Focus on R&D and innovation
The Indian pharmaceutical industry, which accounts for two-thirds of the world pharmaceutical market, would need to move up the value chain and focus on innovation. By 2047, the Indian pharmaceutical industry must develop a robust innovation pipeline (5-7 novel molecular entities and 10–12 innovation releases per year).
To that end, the business is increasingly branching out into sophisticated generics and specialized pharmaceuticals. The goal is to increase Indian pharma’s significance in biologics, new drug development, and innovation and improve skills in biological sciences, information technology utilization, cell and gene therapy, and other areas focused on patient requirements.
Enhanced patient care, cost-effectiveness, better transparency, improved production, and drug research all require digital transformation. AR/VR, artificial intelligence (AI), machine learning (ML), 3D printing, and additive manufacturing are supporting pharma businesses in speeding up the research and development process, running testing in less time, adding newness to goods, and enhancing production efficiency and compliance. Because of the growing usage of digital technologies, telemedicine, and app-based ecosystems, supply chains are also becoming more patient-centric.

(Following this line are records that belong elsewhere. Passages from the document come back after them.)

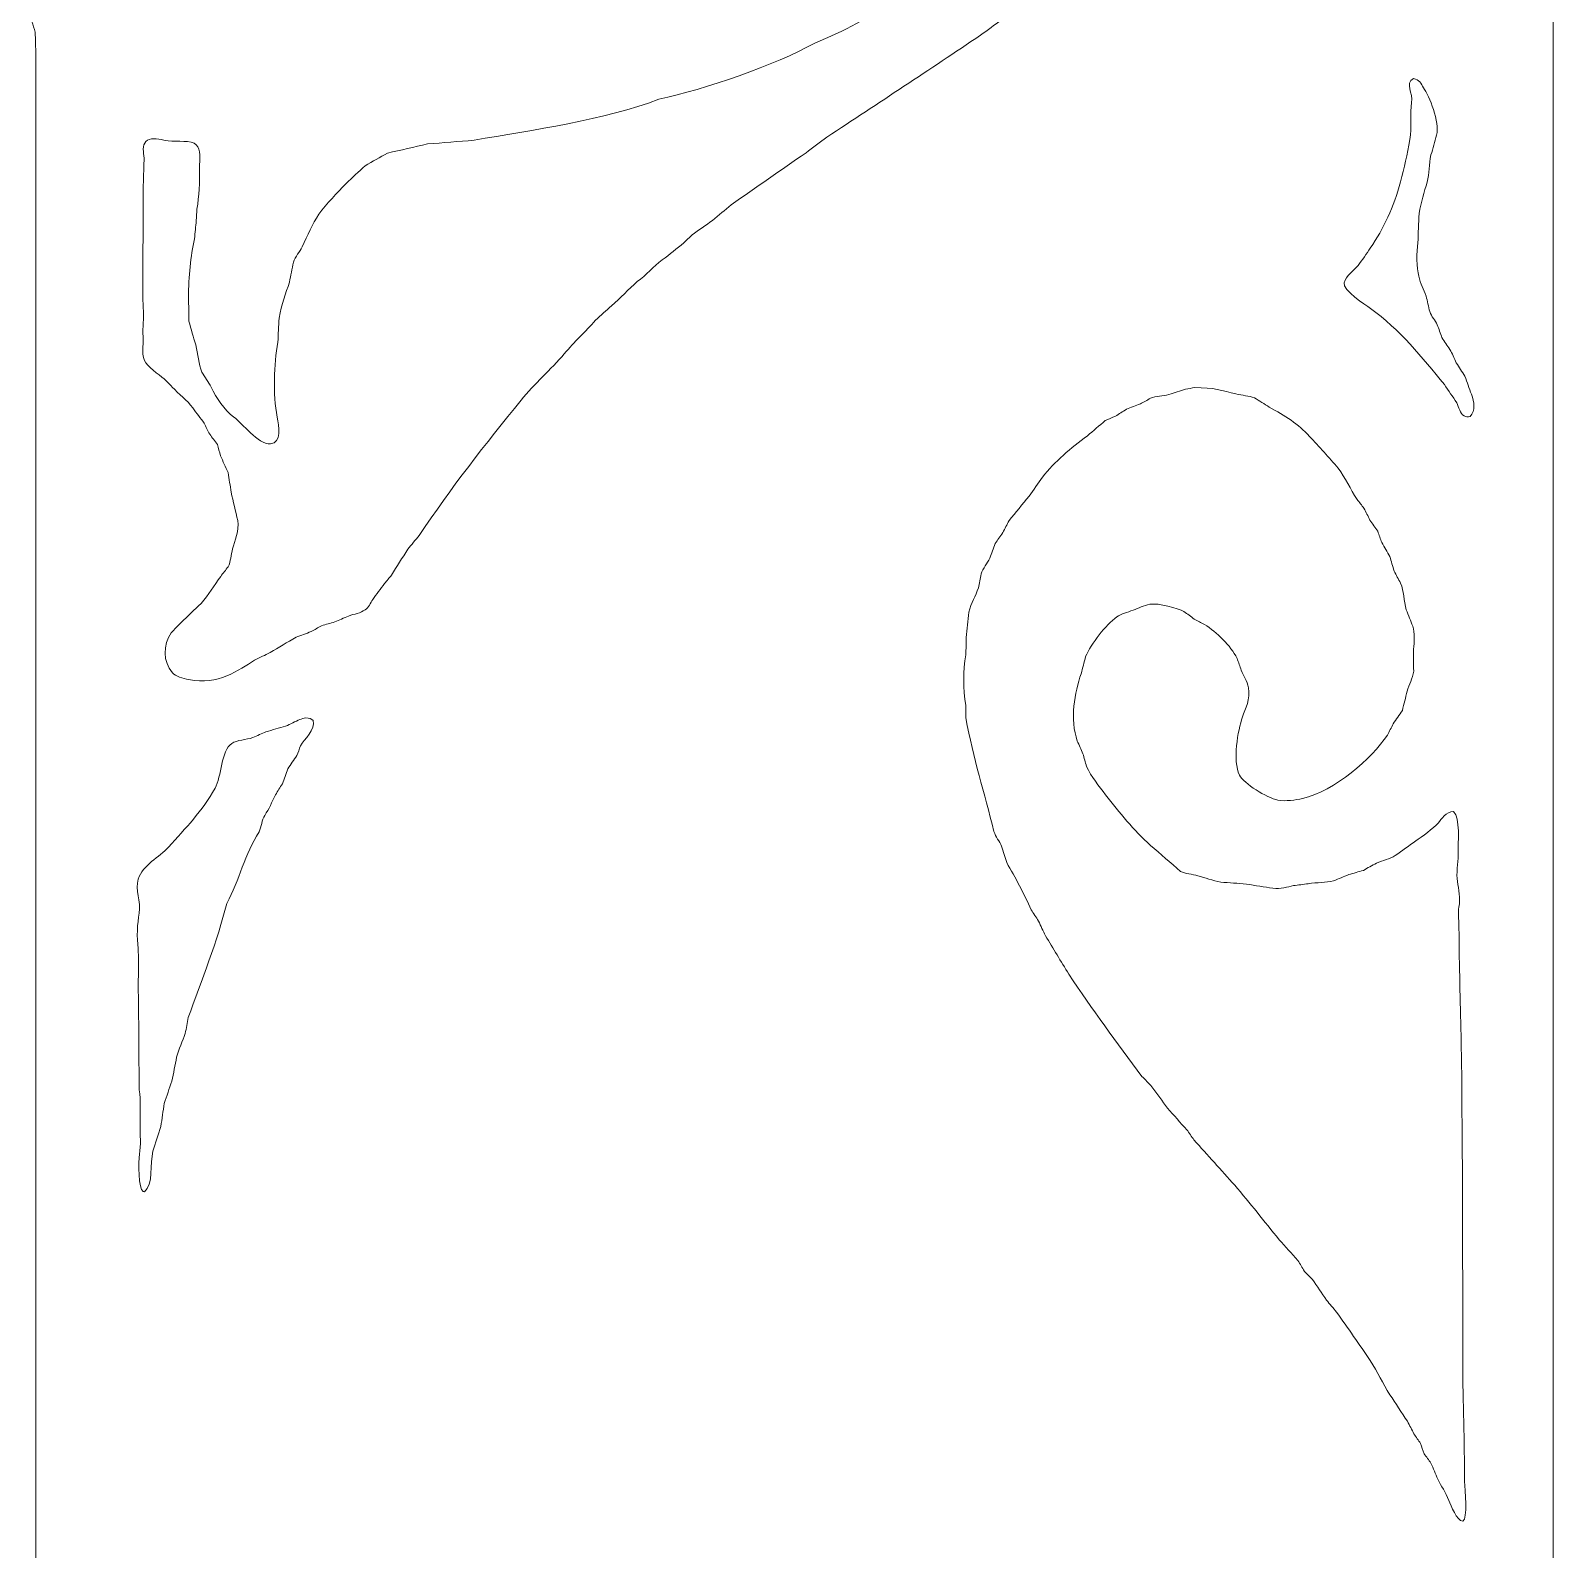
# Model space of a CAD drawing. Header units: centimetres. Extents: x -8.6 to 6.8, y -13.6 to 12.9.
# Drawn here: x 0.09 to 6.77, y -7.9 to -1.25 of the extents above; entities that cross this region are included whole.
import ezdxf

# ---------------------------------------------------------------- set-up
doc = ezdxf.new("R2010")
doc.units = ezdxf.units.CM
doc.header["$MEASUREMENT"] = 0
doc.layers.add('layer 1', color=7, linetype='Continuous')

msp = doc.modelspace()

# ---------------------------------------------------------------- linework, layer by layer
at = {"layer": 'layer 1', "color": 242, "lineweight": 9}
for points, knots in [([(0.1776, 12.93699), (1.81546, 12.93626), (3.48094, 12.93347), (5.12961, 12.93347), (5.12961, 12.93347), (5.53192, 12.93347), (5.93435, 12.93347), (6.33666, 12.93347), (6.33666, 12.93347), (6.43267, 12.93386), (6.52872, 12.93425), (6.62473, 12.93464), (6.62473, 12.93464), (6.67402, 12.9414), (6.72312, 12.93359), (6.74335, 12.90998), (6.74335, 12.90998), (6.76569, 12.8839), (6.76343, 12.83189), (6.75639, 12.79138), (6.75639, 12.79138), (6.75682, 12.7264), (6.75725, 12.66141), (6.75769, 12.59644), (6.75769, 12.59644), (6.75769, 12.31464), (6.75769, 12.03275), (6.75769, 11.75094), (6.75769, 11.75094), (6.75769, 10.65855), (6.75769, 9.56584), (6.75769, 8.47345), (6.75769, 8.47345), (6.75769, 4.25593), (6.75769, 0.04032), (6.75769, -4.16561), (6.75769, -4.16561), (6.75769, -6.56336), (6.75769, -8.95223), (6.75769, -11.34415), (6.75769, -11.34415), (6.75769, -11.90815), (6.75769, -12.47232), (6.75769, -13.03632), (6.75769, -13.03632), (6.75769, -13.12165), (6.75769, -13.207), (6.75769, -13.29232), (6.75769, -13.29232), (6.74995, -13.33842), (6.75259, -13.39634), (6.7603, -13.44028), (6.7603, -13.44028), (6.7715, -13.50417), (6.7527, -13.55332), (6.70164, -13.56593), (6.70164, -13.56593), (6.66395, -13.57524), (6.59964, -13.56594), (6.55434, -13.56593), (6.55434, -13.56593), (6.44443, -13.56593), (6.33447, -13.56593), (6.22456, -13.56593), (6.22456, -13.56593), (5.86787, -13.56593), (5.51107, -13.56593), (5.15438, -13.56593), (5.15438, -13.56593), (3.99698, -13.56593), (2.83924, -13.56593), (1.68184, -13.56593), (1.68184, -13.56593), (1.29387, -13.56593), (0.90578, -13.56593), (0.51781, -13.56593), (0.51781, -13.56593), (0.42875, -13.56593), (0.33966, -13.56593), (0.2506, -13.56593), (0.2506, -13.56593), (0.20008, -13.566), (0.15335, -13.57686), (0.12807, -13.54714), (0.12807, -13.54714), (0.10128, -13.51567), (0.12045, -13.47495), (0.11242, -13.42737), (0.11242, -13.42737), (0.10069, -13.35778), (0.11372, -13.28807), (0.11373, -13.21364), (0.11373, -13.21364), (0.11373, -12.91657), (0.11373, -12.61941), (0.11373, -12.32234), (0.11373, -12.32234), (0.11373, -11.1689), (0.11373, -10.01511), (0.11373, -8.86166), (0.11373, -8.86166), (0.11373, -6.36025), (0.11373, -3.85808), (0.11373, -1.35667), (0.11373, -1.35667), (0.11286, -1.3234), (0.11199, -1.29012), (0.11112, -1.25685), (0.11112, -1.25685), (0.10634, -1.2412), (0.10156, -1.22554), (0.09678, -1.20988), (0.09678, -1.20988), (0.102, -1.19227), (0.10721, -1.17465), (0.11242, -1.15704), (0.11242, -1.15704), (0.11286, -1.12768), (0.11329, -1.09832), (0.11373, -1.06896), (0.11373, -1.06896), (0.11373, -0.96211), (0.11373, -0.85523), (0.11373, -0.74838), (0.11373, -0.74838), (0.11373, -0.32841), (0.11373, 0.09168), (0.11373, 0.51165), (0.11373, 0.51165), (0.11373, 1.81461), (0.11373, 3.11796), (0.11373, 4.42092), (0.11373, 4.42092), (0.11373, 6.58299), (0.11373, 8.74571), (0.11373, 10.90779), (0.11373, 10.90779), (0.11373, 11.41817), (0.11373, 11.9287), (0.11373, 12.43908), (0.11373, 12.43908), (0.11373, 12.50601), (0.11373, 12.57296), (0.11373, 12.63989), (0.11373, 12.63989), (0.10715, 12.67969), (0.10569, 12.72334), (0.11242, 12.76319), (0.11242, 12.76319), (0.12375, 12.83018), (0.09046, 12.89751), (0.14501, 12.9276), (0.14501, 12.9276), (0.15587, 12.93073), (0.16674, 12.93386), (0.1776, 12.93699)], [0, 0, 0, 0, 0.025, 0.025, 0.025, 0.025, 0.05, 0.05, 0.05, 0.05, 0.075, 0.075, 0.075, 0.075, 0.1, 0.1, 0.1, 0.1, 0.125, 0.125, 0.125, 0.125, 0.15, 0.15, 0.15, 0.15, 0.175, 0.175, 0.175, 0.175, 0.2, 0.2, 0.2, 0.2, 0.225, 0.225, 0.225, 0.225, 0.25, 0.25, 0.25, 0.25, 0.275, 0.275, 0.275, 0.275, 0.3, 0.3, 0.3, 0.3, 0.325, 0.325, 0.325, 0.325, 0.35, 0.35, 0.35, 0.35, 0.375, 0.375, 0.375, 0.375, 0.4, 0.4, 0.4, 0.4, 0.425, 0.425, 0.425, 0.425, 0.45, 0.45, 0.45, 0.45, 0.475, 0.475, 0.475, 0.475, 0.5, 0.5, 0.5, 0.5, 0.525, 0.525, 0.525, 0.525, 0.55, 0.55, 0.55, 0.55, 0.575, 0.575, 0.575, 0.575, 0.6, 0.6, 0.6, 0.6, 0.625, 0.625, 0.625, 0.625, 0.65, 0.65, 0.65, 0.65, 0.675, 0.675, 0.675, 0.675, 0.7, 0.7, 0.7, 0.7, 0.725, 0.725, 0.725, 0.725, 0.75, 0.75, 0.75, 0.75, 0.775, 0.775, 0.775, 0.775, 0.8, 0.8, 0.8, 0.8, 0.825, 0.825, 0.825, 0.825, 0.85, 0.85, 0.85, 0.85, 0.875, 0.875, 0.875, 0.875, 0.9, 0.9, 0.9, 0.9, 0.925, 0.925, 0.925, 0.925, 0.95, 0.95, 0.95, 0.95, 1, 1, 1, 1]), ([(5.65101, 0.1394), (5.62138, 0.11862), (5.60032, 0.09086), (5.5715, 0.07011), (5.5715, 0.07011), (5.45562, -0.0133), (5.36055, -0.11753), (5.24432, -0.20115), (5.24432, -0.20115), (5.23172, -0.21289), (5.21912, -0.22464), (5.20652, -0.23638), (5.20652, -0.23638), (5.1391, -0.2844), (5.0757, -0.33525), (5.00839, -0.38317), (5.00839, -0.38317), (4.98319, -0.40548), (4.95798, -0.4278), (4.93278, -0.45011), (4.93278, -0.45011), (4.7977, -0.54294), (4.66358, -0.63652), (4.5287, -0.72959), (4.5287, -0.72959), (4.47303, -0.768), (4.42089, -0.81249), (4.36315, -0.84937), (4.36315, -0.84937), (4.34447, -0.85876), (4.32578, -0.86816), (4.3071, -0.87755), (4.3071, -0.87755), (4.21923, -0.93368), (4.12943, -0.9947), (4.03728, -1.04665), (4.03728, -1.04665), (3.98514, -1.07209), (3.93299, -1.09754), (3.88085, -1.12298), (3.88085, -1.12298), (3.76644, -1.18706), (3.65064, -1.25471), (3.52369, -1.305), (3.52369, -1.305), (3.34908, -1.40206), (3.04505, -1.5067), (2.84066, -1.55043), (2.84066, -1.55043), (2.60696, -1.64212), (2.28487, -1.68474), (2.03249, -1.7301), (2.03249, -1.7301), (1.96428, -1.73558), (1.89605, -1.74106), (1.82784, -1.74654), (1.82784, -1.74654), (1.76962, -1.75985), (1.71138, -1.77316), (1.65317, -1.78647), (1.65317, -1.78647), (1.62058, -1.80486), (1.58799, -1.82326), (1.5554, -1.84166), (1.5554, -1.84166), (1.5276, -1.86749), (1.49978, -1.89333), (1.47198, -1.91916), (1.47198, -1.91916), (1.43299, -1.96274), (1.38697, -2.00595), (1.35336, -2.05421), (1.35336, -2.05421), (1.32292, -2.0979), (1.30455, -2.1465), (1.28036, -2.1963), (1.28036, -2.1963), (1.26905, -2.2196), (1.2502, -2.23891), (1.24126, -2.26441), (1.24126, -2.26441), (1.23561, -2.29337), (1.22996, -2.32234), (1.22431, -2.35131), (1.22431, -2.35131), (1.20759, -2.40157), (1.1897, -2.4469), (1.17869, -2.50866), (1.17869, -2.50866), (1.17695, -2.54389), (1.17521, -2.57913), (1.17348, -2.61435), (1.17348, -2.61435), (1.15568, -2.71327), (1.15105, -2.83966), (1.17087, -2.94198), (1.17087, -2.94198), (1.17855, -2.98165), (1.19039, -3.05593), (1.14089, -3.05941), (1.14089, -3.05941), (1.08707, -3.06321), (1.01556, -2.96742), (0.98056, -2.94198), (0.98056, -2.94198), (0.93727, -2.91053), (0.90514, -2.85918), (0.88149, -2.81046), (0.88149, -2.81046), (0.86802, -2.78893), (0.85455, -2.7674), (0.84108, -2.74587), (0.84108, -2.74587), (0.82531, -2.70956), (0.82477, -2.66613), (0.81371, -2.62609), (0.81371, -2.62609), (0.80372, -2.59165), (0.79372, -2.5572), (0.78373, -2.52275), (0.78373, -2.52275), (0.78329, -2.48831), (0.78286, -2.45386), (0.78243, -2.41942), (0.78243, -2.41942), (0.78242, -2.32382), (0.79175, -2.23962), (0.8085, -2.16107), (0.8085, -2.16107), (0.8111, -2.13445), (0.81371, -2.10783), (0.81632, -2.08122), (0.81632, -2.08122), (0.81719, -2.06478), (0.81805, -2.04833), (0.81892, -2.03189), (0.81892, -2.03189), (0.82922, -1.97552), (0.83065, -1.91416), (0.83065, -1.85105), (0.83065, -1.85105), (0.83066, -1.81409), (0.83702, -1.77088), (0.81632, -1.75006), (0.81632, -1.75006), (0.7941, -1.72772), (0.73307, -1.73821), (0.69248, -1.73245), (0.69248, -1.73245), (0.67027, -1.72929), (0.63327, -1.71912), (0.61036, -1.72658), (0.61036, -1.72658), (0.59979, -1.73002), (0.59033, -1.74015), (0.5869, -1.75006), (0.5869, -1.75006), (0.57845, -1.77449), (0.59169, -1.80248), (0.5869, -1.82991), (0.5869, -1.82991), (0.58603, -1.86162), (0.58516, -1.89333), (0.58429, -1.92503), (0.58429, -1.92503), (0.58429, -1.96495), (0.58429, -2.00489), (0.58429, -2.04481), (0.58429, -2.04481), (0.58342, -2.127), (0.58255, -2.20922), (0.58169, -2.29142), (0.58169, -2.29142), (0.58169, -2.33173), (0.58169, -2.37206), (0.58169, -2.41237), (0.58169, -2.41237), (0.58299, -2.44094), (0.58429, -2.46952), (0.5856, -2.49809), (0.5856, -2.49809), (0.58429, -2.52393), (0.58299, -2.54977), (0.58169, -2.5756), (0.58169, -2.5756), (0.58806, -2.61191), (0.57465, -2.66221), (0.58951, -2.6942), (0.58951, -2.6942), (0.6015, -2.72003), (0.65131, -2.7565), (0.67554, -2.77406), (0.67554, -2.77406), (0.68727, -2.78619), (0.699, -2.79833), (0.71073, -2.81046), (0.71073, -2.81046), (0.73879, -2.84197), (0.77609, -2.86694), (0.80067, -2.90206), (0.80067, -2.90206), (0.81692, -2.92527), (0.83505, -2.94647), (0.85021, -2.96899), (0.85021, -2.96899), (0.85846, -2.98504), (0.86672, -3.00109), (0.87497, -3.01714), (0.87497, -3.01714), (0.88627, -3.03201), (0.89757, -3.04689), (0.90886, -3.06176), (0.90886, -3.06176), (0.91321, -3.0782), (0.91756, -3.09464), (0.9219, -3.11108), (0.9219, -3.11108), (0.9332, -3.13574), (0.9445, -3.16041), (0.95579, -3.18506), (0.95579, -3.18506), (0.96014, -3.21364), (0.96448, -3.24222), (0.96883, -3.27079), (0.96883, -3.27079), (0.97838, -3.31228), (0.98795, -3.35378), (0.9975, -3.39526), (0.9975, -3.39526), (1.00546, -3.43904), (0.98488, -3.48476), (0.97534, -3.51857), (0.97534, -3.51857), (0.96793, -3.54485), (0.96711, -3.57422), (0.95579, -3.59725), (0.95579, -3.59725), (0.94493, -3.61134), (0.93407, -3.62543), (0.9232, -3.63952), (0.9232, -3.63952), (0.89446, -3.68184), (0.87025, -3.72044), (0.83717, -3.75812), (0.83717, -3.75812), (0.80806, -3.78592), (0.77895, -3.81371), (0.74984, -3.8415), (0.74984, -3.8415), (0.7355, -3.85637), (0.72116, -3.87125), (0.70682, -3.88612), (0.70682, -3.88612), (0.66937, -3.93991), (0.66974, -4.0124), (0.71204, -4.0611), (0.71204, -4.0611), (0.72746, -4.07885), (0.75477, -4.08583), (0.78373, -4.09163), (0.78373, -4.09163), (0.91058, -4.11703), (1.00246, -4.0504), (1.0718, -4.0059), (1.0718, -4.0059), (1.09439, -3.99494), (1.11699, -3.98398), (1.13959, -3.97302), (1.13959, -3.97302), (1.17738, -3.95071), (1.21519, -3.9284), (1.25299, -3.90609), (1.25299, -3.90609), (1.27515, -3.89787), (1.29731, -3.88965), (1.31947, -3.88143), (1.31947, -3.88143), (1.33424, -3.87282), (1.34902, -3.8642), (1.36379, -3.85559), (1.36379, -3.85559), (1.38334, -3.85011), (1.4029, -3.84463), (1.42245, -3.83915), (1.42245, -3.83915), (1.44243, -3.83054), (1.46242, -3.82193), (1.48241, -3.81332), (1.48241, -3.81332), (1.5084, -3.80409), (1.53499, -3.8001), (1.5554, -3.78631), (1.5554, -3.78631), (1.57218, -3.77498), (1.57813, -3.75712), (1.58929, -3.74051), (1.58929, -3.74051), (1.60503, -3.71711), (1.62339, -3.69536), (1.64013, -3.67123), (1.64013, -3.67123), (1.65056, -3.6587), (1.66099, -3.64617), (1.67142, -3.63365), (1.67142, -3.63365), (1.69488, -3.59608), (1.71834, -3.55849), (1.7418, -3.52092), (1.7418, -3.52092), (1.75875, -3.50056), (1.7757, -3.4802), (1.79264, -3.45985), (1.79264, -3.45985), (1.93078, -3.25247), (2.08239, -3.05938), (2.23844, -2.868), (2.23844, -2.868), (2.29658, -2.7967), (2.36789, -2.73433), (2.42745, -2.66485), (2.42745, -2.66485), (2.47158, -2.61336), (2.51967, -2.56799), (2.56432, -2.51806), (2.56432, -2.51806), (2.58778, -2.49692), (2.61124, -2.47578), (2.63471, -2.45465), (2.63471, -2.45465), (2.67207, -2.41942), (2.70944, -2.38418), (2.74681, -2.34896), (2.74681, -2.34896), (2.78657, -2.32014), (2.81699, -2.28227), (2.8563, -2.25384), (2.8563, -2.25384), (2.88936, -2.22993), (2.91822, -2.20376), (2.95146, -2.17986), (2.95146, -2.17986), (2.96319, -2.16812), (2.97492, -2.15637), (2.98665, -2.14463), (2.98665, -2.14463), (3.01606, -2.12281), (3.04648, -2.10287), (3.07659, -2.08122), (3.07659, -2.08122), (3.10353, -2.05851), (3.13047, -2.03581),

Nurture valuable collaborations
During the COVID 19 outbreak, the government, academia, and pharma businesses supported research efforts. The regular feedback, integrated efforts, sharing, and persistent discussion between industry stakeholders and government authorities worked successfully, and this engagement should continue in the future.
Focus on exports
In the future, it will be vital for the industry to consolidate existing significant export markets while also exploring new ones. In this scenario, Indian embassies overseas might be excellent facilitators. At the same time, policies in India would need to focus on assisting the industry in becoming more competitive in the export market through policy instruments such as RoDTEP and PLIs and incentivizing R&D and innovation in the pharma sector.
The Road Ahead
India has a technological edge and world-class industrial capabilities that have been developed through time. This capability is crucial in regulated and science-driven industries, where the rate of change is likely to accelerate over the next two decades. The ability to adjust quickly will be critical to remaining competitive.
Indian business has proved its dedication to patient welfare, particularly during the epidemic, and will do so in the future. Nonetheless, the key to supplying excellent medications at cheap rates will be to be a technological leader and exploit India’s demographic advantage to become a life sciences hub.